Task -> Leaving out the pictures, return each line of the entries from the first through the line with "#1=APPLICATION_CONTEXT('core data for", and only those lines.

Data items
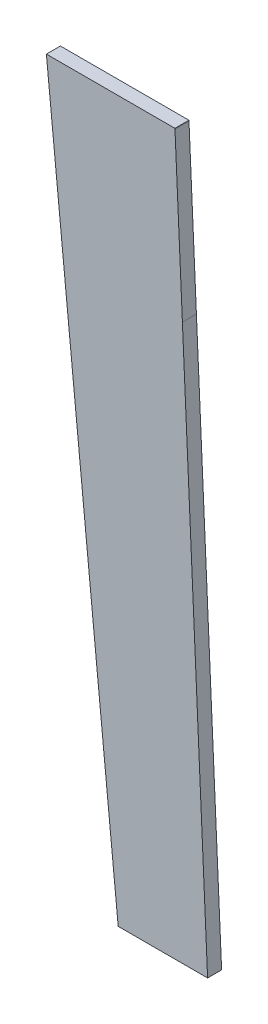
ISO-10303-21;
HEADER;
FILE_DESCRIPTION(('STEP AP214'),'2;1');
FILE_NAME('part.step','',(''),(''),'','','');
FILE_SCHEMA(('AUTOMOTIVE_DESIGN { 1 0 10303 214 1 1 1 1 }'));
ENDSEC;
DATA;
#1=APPLICATION_CONTEXT('core data for automotive mechanical design processes');
#2=APPLICATION_PROTOCOL_DEFINITION('international standard','automotive_design',2000,#1);
#3=PRODUCT_CONTEXT('',#1,'mechanical');
#4=PRODUCT('Part','Part','',(#3));
#5=PRODUCT_RELATED_PRODUCT_CATEGORY('part','',(#4));
#6=PRODUCT_DEFINITION_FORMATION('','',#4);
#7=PRODUCT_DEFINITION_CONTEXT('part definition',#1,'design');
#8=PRODUCT_DEFINITION('design','',#6,#7);
#9=PRODUCT_DEFINITION_SHAPE('','',#8);
#10=(LENGTH_UNIT() NAMED_UNIT(*) SI_UNIT(.MILLI.,.METRE.));
#11=(NAMED_UNIT(*) PLANE_ANGLE_UNIT() SI_UNIT($,.RADIAN.));
#12=(NAMED_UNIT(*) SI_UNIT($,.STERADIAN.) SOLID_ANGLE_UNIT());
#13=UNCERTAINTY_MEASURE_WITH_UNIT(LENGTH_MEASURE(1.E-05),#10,'distance_accuracy_value','');
#14=(GEOMETRIC_REPRESENTATION_CONTEXT(3) GLOBAL_UNCERTAINTY_ASSIGNED_CONTEXT((#13)) GLOBAL_UNIT_ASSIGNED_CONTEXT((#10,
#11,#12)) REPRESENTATION_CONTEXT('',''));
#15=CARTESIAN_POINT('',(0.,0.,0.));
#16=DIRECTION('',(0.,0.,1.));
#17=DIRECTION('',(1.,0.,0.));
#18=AXIS2_PLACEMENT_3D('',#15,#16,#17);
#19=CARTESIAN_POINT('',(-97.3287520201356,-11.7992249327933,5.90076729701178));
#20=DIRECTION('',(-0.995055569959869,-0.0993197497572395,0.));
#21=DIRECTION('',(-0.0993197497572395,0.995055569959869,0.));
#22=AXIS2_PLACEMENT_3D('',#19,#20,#21);
#23=PLANE('',#22);
#24=DIRECTION('',(-0.0993197497572395,0.995055569959869,0.));
#25=VECTOR('',#24,1.);
#26=CARTESIAN_POINT('',(-97.3287520201356,-11.7992249327933,0.635));
#27=LINE('',#26,#25);
#28=CARTESIAN_POINT('',(-97.3579733928344,-11.506464532791,0.635));
#29=VERTEX_POINT('',#28);
#30=CARTESIAN_POINT('',(-97.329324988223,-11.7934845327925,0.635));
#31=VERTEX_POINT('',#30);
#32=EDGE_CURVE('E77',#29,#31,#27,.F.);
#33=ORIENTED_EDGE('',*,*,#32,.T.);
#34=DIRECTION('',(0.,0.,-1.));
#35=VECTOR('',#34,1.);
#36=CARTESIAN_POINT('',(-97.3293249882182,-11.7934845327921,3.11150000000013));
#37=LINE('',#36,#35);
#38=CARTESIAN_POINT('',(-97.329324988223,-11.7934845327925,5.588));
#39=VERTEX_POINT('',#38);
#40=EDGE_CURVE('E92',#31,#39,#37,.F.);
#41=ORIENTED_EDGE('',*,*,#40,.T.);
#42=DIRECTION('',(-0.0993197497572395,0.995055569959869,0.));
#43=VECTOR('',#42,1.);
#44=CARTESIAN_POINT('',(-97.3436491905317,-11.649974532792,5.588));
#45=LINE('',#44,#43);
#46=CARTESIAN_POINT('',(-97.3579733928344,-11.5064645327909,5.588));
#47=VERTEX_POINT('',#46);
#48=EDGE_CURVE('E109',#47,#39,#45,.F.);
#49=ORIENTED_EDGE('',*,*,#48,.F.);
#50=DIRECTION('',(0.,0.,1.));
#51=VECTOR('',#50,1.);
#52=CARTESIAN_POINT('',(-97.3579733928332,-11.506464532791,3.11150000000013));
#53=LINE('',#52,#51);
#54=EDGE_CURVE('E90',#47,#29,#53,.F.);
#55=ORIENTED_EDGE('',*,*,#54,.T.);
#56=EDGE_LOOP('',(#33,#41,#49,#55));
#57=FACE_BOUND('',#56,.T.);
#58=ADVANCED_FACE('F17',(#57),#23,.T.);
#59=CARTESIAN_POINT('',(-51.927419160194,-11.5007241328034,5.90076729701178));
#60=DIRECTION('',(0.998970569791775,0.0453629881058949,0.));
#61=DIRECTION('',(0.0453629881058949,-0.998970569791775,0.));
#62=AXIS2_PLACEMENT_3D('',#59,#60,#61);
#63=PLANE('',#62);
#64=DIRECTION('',(0.0453629881058949,-0.998970569791775,0.));
#65=VECTOR('',#64,1.);
#66=CARTESIAN_POINT('',(-51.927419160194,-11.5007241328034,0.635));
#67=LINE('',#66,#65);
#68=CARTESIAN_POINT('',(-51.9141249882317,-11.7934845328035,0.635));
#69=VERTEX_POINT('',#68);
#70=CARTESIAN_POINT('',(-51.9271584901548,-11.5064645328032,0.635));
#71=VERTEX_POINT('',#70);
#72=EDGE_CURVE('E21',#69,#71,#67,.F.);
#73=ORIENTED_EDGE('',*,*,#72,.T.);
#74=DIRECTION('',(0.,0.,-1.));
#75=VECTOR('',#74,1.);
#76=CARTESIAN_POINT('',(-51.927158490154,-11.5064645328032,3.11150000000013));
#77=LINE('',#76,#75);
#78=CARTESIAN_POINT('',(-51.9271584901548,-11.5064645328035,5.588));
#79=VERTEX_POINT('',#78);
#80=EDGE_CURVE('E73',#71,#79,#77,.F.);
#81=ORIENTED_EDGE('',*,*,#80,.T.);
#82=DIRECTION('',(0.0453629881058949,-0.998970569791775,0.));
#83=VECTOR('',#82,1.);
#84=CARTESIAN_POINT('',(-51.9206417391921,-11.6499745328034,5.588));
#85=LINE('',#84,#83);
#86=CARTESIAN_POINT('',(-51.9141249882317,-11.7934845328035,5.588));
#87=VERTEX_POINT('',#86);
#88=EDGE_CURVE('E78',#87,#79,#85,.F.);
#89=ORIENTED_EDGE('',*,*,#88,.F.);
#90=DIRECTION('',(0.,0.,1.));
#91=VECTOR('',#90,1.);
#92=CARTESIAN_POINT('',(-51.9141249882347,-11.7934845328036,3.11150000000013));
#93=LINE('',#92,#91);
#94=EDGE_CURVE('E76',#87,#69,#93,.F.);
#95=ORIENTED_EDGE('',*,*,#94,.T.);
#96=EDGE_LOOP('',(#73,#81,#89,#95));
#97=FACE_BOUND('',#96,.T.);
#98=ADVANCED_FACE('F72',(#97),#63,.T.);
#99=CARTESIAN_POINT('',(-39.2404940622382,-270.879224935158,0.635));
#100=DIRECTION('',(0.,0.,-1.));
#101=DIRECTION('',(-1.,0.,0.));
#102=AXIS2_PLACEMENT_3D('',#99,#100,#101);
#103=PLANE('',#102);
#104=DIRECTION('',(-1.,2.68828998519524E-13,0.));
#105=VECTOR('',#104,1.);
#106=CARTESIAN_POINT('',(-74.6425659414936,-11.5064645327971,0.635));
#107=LINE('',#106,#105);
#108=EDGE_CURVE('E83',#29,#71,#107,.F.);
#109=ORIENTED_EDGE('',*,*,#108,.T.);
#110=ORIENTED_EDGE('',*,*,#72,.F.);
#111=DIRECTION('',(-0.0453629881296856,0.998970569790695,0.));
#112=VECTOR('',#111,1.);
#113=CARTESIAN_POINT('',(-50.6033581058195,-40.6588127083994,0.635));
#114=LINE('',#113,#112);
#115=CARTESIAN_POINT('',(-49.2925912233966,-69.5241408839782,0.635));
#116=VERTEX_POINT('',#115);
#117=EDGE_CURVE('E104',#69,#116,#114,.F.);
#118=ORIENTED_EDGE('',*,*,#117,.T.);
#119=DIRECTION('',(-0.0453629881297617,0.998970569790692,0.));
#120=VECTOR('',#119,1.);
#121=CARTESIAN_POINT('',(-44.836321851942,-167.658812709492,0.635));
#122=LINE('',#121,#120);
#123=CARTESIAN_POINT('',(-40.3800524804925,-265.793484535158,0.635));
#124=VERTEX_POINT('',#123);
#125=EDGE_CURVE('E103',#116,#124,#122,.F.);
#126=ORIENTED_EDGE('',*,*,#125,.T.);
#127=DIRECTION('',(1.,0.,0.));
#128=VECTOR('',#127,1.);
#129=CARTESIAN_POINT('',(-56.1784035113706,-265.793484535158,0.635));
#130=LINE('',#129,#128);
#131=CARTESIAN_POINT('',(-71.9767545422362,-265.793484535158,0.635));
#132=VERTEX_POINT('',#131);
#133=EDGE_CURVE('E105',#124,#132,#130,.F.);
#134=ORIENTED_EDGE('',*,*,#133,.T.);
#135=DIRECTION('',(0.0993197497436499,-0.995055569961225,0.));
#136=VECTOR('',#135,1.);
#137=CARTESIAN_POINT('',(-84.6530397652227,-138.793484533953,0.635));
#138=LINE('',#137,#136);
#139=EDGE_CURVE('E98',#132,#31,#138,.F.);
#140=ORIENTED_EDGE('',*,*,#139,.T.);
#141=ORIENTED_EDGE('',*,*,#32,.F.);
#142=EDGE_LOOP('',(#109,#110,#118,#126,#134,#140,#141));
#143=FACE_BOUND('',#142,.T.);
#144=ADVANCED_FACE('F88',(#143),#103,.T.);
#145=CARTESIAN_POINT('',(-71.4697031333076,-270.873484535158,5.90076729701178));
#146=DIRECTION('',(-0.995055569961225,-0.0993197497436499,0.));
#147=DIRECTION('',(-0.0993197497436499,0.995055569961225,0.));
#148=AXIS2_PLACEMENT_3D('',#145,#146,#147);
#149=PLANE('',#148);
#150=ORIENTED_EDGE('',*,*,#139,.F.);
#151=DIRECTION('',(0.,0.,-1.));
#152=VECTOR('',#151,1.);
#153=CARTESIAN_POINT('',(-71.9767545422406,-265.793484535158,3.11150000000013));
#154=LINE('',#153,#152);
#155=CARTESIAN_POINT('',(-71.9767545422317,-265.793484535158,5.588));
#156=VERTEX_POINT('',#155);
#157=EDGE_CURVE('E110',#132,#156,#154,.F.);
#158=ORIENTED_EDGE('',*,*,#157,.T.);
#159=DIRECTION('',(-0.0993197497436499,0.995055569961225,0.));
#160=VECTOR('',#159,1.);
#161=CARTESIAN_POINT('',(-71.4697031333076,-270.873484535158,5.588));
#162=LINE('',#161,#160);
#163=EDGE_CURVE('E113',#156,#39,#162,.T.);
#164=ORIENTED_EDGE('',*,*,#163,.T.);
#165=ORIENTED_EDGE('',*,*,#40,.F.);
#166=EDGE_LOOP('',(#150,#158,#164,#165));
#167=FACE_BOUND('',#166,.T.);
#168=ADVANCED_FACE('F126',(#167),#149,.T.);
#169=CARTESIAN_POINT('',(-98.2665896908878,-11.5064645327907,5.90076729701178));
#170=DIRECTION('',(2.68828998519524E-13,1.,0.));
#171=DIRECTION('',(1.,-2.68828998519524E-13,0.));
#172=AXIS2_PLACEMENT_3D('',#169,#170,#171);
#173=PLANE('',#172);
#174=ORIENTED_EDGE('',*,*,#108,.F.);
#175=ORIENTED_EDGE('',*,*,#54,.F.);
#176=DIRECTION('',(1.,-2.5222957536884E-13,0.));
#177=VECTOR('',#176,1.);
#178=CARTESIAN_POINT('',(-68.86901293663,-11.506464532798,5.588));
#179=LINE('',#178,#177);
#180=EDGE_CURVE('E86',#47,#79,#179,.T.);
#181=ORIENTED_EDGE('',*,*,#180,.T.);
#182=ORIENTED_EDGE('',*,*,#80,.F.);
#183=EDGE_LOOP('',(#174,#175,#181,#182));
#184=FACE_BOUND('',#183,.T.);
#185=ADVANCED_FACE('F81',(#184),#173,.T.);
#186=CARTESIAN_POINT('',(-51.9665556635312,-10.6388714057808,5.90076729701178));
#187=DIRECTION('',(0.998970569790695,0.0453629881296857,0.));
#188=DIRECTION('',(0.0453629881296857,-0.998970569790695,0.));
#189=AXIS2_PLACEMENT_3D('',#186,#187,#188);
#190=PLANE('',#189);
#191=ORIENTED_EDGE('',*,*,#117,.F.);
#192=ORIENTED_EDGE('',*,*,#94,.F.);
#193=DIRECTION('',(0.0453629881296857,-0.998970569790695,0.));
#194=VECTOR('',#193,1.);
#195=CARTESIAN_POINT('',(-51.9665556635312,-10.6388714057808,5.588));
#196=LINE('',#195,#194);
#197=CARTESIAN_POINT('',(-49.2925912233957,-69.5241408839781,5.588));
#198=VERTEX_POINT('',#197);
#199=EDGE_CURVE('E117',#87,#198,#196,.T.);
#200=ORIENTED_EDGE('',*,*,#199,.T.);
#201=DIRECTION('',(0.,0.,1.));
#202=VECTOR('',#201,1.);
#203=CARTESIAN_POINT('',(-49.2925912233926,-69.524140883978,3.11150000000013));
#204=LINE('',#203,#202);
#205=EDGE_CURVE('E100',#198,#116,#204,.F.);
#206=ORIENTED_EDGE('',*,*,#205,.T.);
#207=EDGE_LOOP('',(#191,#192,#200,#206));
#208=FACE_BOUND('',#207,.T.);
#209=ADVANCED_FACE('F140',(#208),#190,.T.);
#210=CARTESIAN_POINT('',(-49.4708419982502,-65.5987540109672,5.90076729701178));
#211=DIRECTION('',(0.998970569790692,0.0453629881297617,0.));
#212=DIRECTION('',(0.0453629881297617,-0.998970569790692,0.));
#213=AXIS2_PLACEMENT_3D('',#210,#211,#212);
#214=PLANE('',#213);
#215=ORIENTED_EDGE('',*,*,#125,.F.);
#216=ORIENTED_EDGE('',*,*,#205,.F.);
#217=DIRECTION('',(0.0453629881297617,-0.998970569790692,0.));
#218=VECTOR('',#217,1.);
#219=CARTESIAN_POINT('',(-49.4708419982502,-65.5987540109672,5.588));
#220=LINE('',#219,#218);
#221=CARTESIAN_POINT('',(-40.3800524804925,-265.793484535158,5.588));
#222=VERTEX_POINT('',#221);
#223=EDGE_CURVE('E27',#198,#222,#220,.T.);
#224=ORIENTED_EDGE('',*,*,#223,.T.);
#225=DIRECTION('',(0.,0.,1.));
#226=VECTOR('',#225,1.);
#227=CARTESIAN_POINT('',(-40.3800524805006,-265.793484535158,3.11150000000013));
#228=LINE('',#227,#226);
#229=EDGE_CURVE('E35',#222,#124,#228,.F.);
#230=ORIENTED_EDGE('',*,*,#229,.T.);
#231=EDGE_LOOP('',(#215,#216,#224,#230));
#232=FACE_BOUND('',#231,.T.);
#233=ADVANCED_FACE('F138',(#232),#214,.T.);
#234=CARTESIAN_POINT('',(-39.7481184392658,-265.793484535158,5.90076729701178));
#235=DIRECTION('',(0.,-1.,0.));
#236=DIRECTION('',(-1.,0.,0.));
#237=AXIS2_PLACEMENT_3D('',#234,#235,#236);
#238=PLANE('',#237);
#239=ORIENTED_EDGE('',*,*,#133,.F.);
#240=ORIENTED_EDGE('',*,*,#229,.F.);
#241=DIRECTION('',(-1.,0.,0.));
#242=VECTOR('',#241,1.);
#243=CARTESIAN_POINT('',(-68.8690129366911,-265.793484535158,5.588));
#244=LINE('',#243,#242);
#245=EDGE_CURVE('E11',#222,#156,#244,.T.);
#246=ORIENTED_EDGE('',*,*,#245,.T.);
#247=ORIENTED_EDGE('',*,*,#157,.F.);
#248=EDGE_LOOP('',(#239,#240,#246,#247));
#249=FACE_BOUND('',#248,.T.);
#250=ADVANCED_FACE('F143',(#249),#238,.T.);
#251=CARTESIAN_POINT('',(-39.2404940622382,-270.879224935158,5.588));
#252=DIRECTION('',(0.,0.,-1.));
#253=DIRECTION('',(-1.,0.,0.));
#254=AXIS2_PLACEMENT_3D('',#251,#252,#253);
#255=PLANE('',#254);
#256=ORIENTED_EDGE('',*,*,#223,.F.);
#257=ORIENTED_EDGE('',*,*,#199,.F.);
#258=ORIENTED_EDGE('',*,*,#88,.T.);
#259=ORIENTED_EDGE('',*,*,#180,.F.);
#260=ORIENTED_EDGE('',*,*,#48,.T.);
#261=ORIENTED_EDGE('',*,*,#163,.F.);
#262=ORIENTED_EDGE('',*,*,#245,.F.);
#263=EDGE_LOOP('',(#256,#257,#258,#259,#260,#261,#262));
#264=FACE_BOUND('',#263,.T.);
#265=ADVANCED_FACE('F19',(#264),#255,.F.);
#266=CLOSED_SHELL('',(#58,#98,#144,#168,#185,#209,#233,#250,#265));
#267=MANIFOLD_SOLID_BREP('B1',#266);
#268=ADVANCED_BREP_SHAPE_REPRESENTATION('',(#18,#267),#14);
#269=SHAPE_DEFINITION_REPRESENTATION(#9,#268);
ENDSEC;
END-ISO-10303-21;

Expected answer ->
ISO-10303-21;
HEADER;
FILE_DESCRIPTION(('STEP AP214'),'2;1');
FILE_NAME('part.step','',(''),(''),'','','');
FILE_SCHEMA(('AUTOMOTIVE_DESIGN { 1 0 10303 214 1 1 1 1 }'));
ENDSEC;
DATA;
#1=APPLICATION_CONTEXT('core data for automotive mechanical design processes');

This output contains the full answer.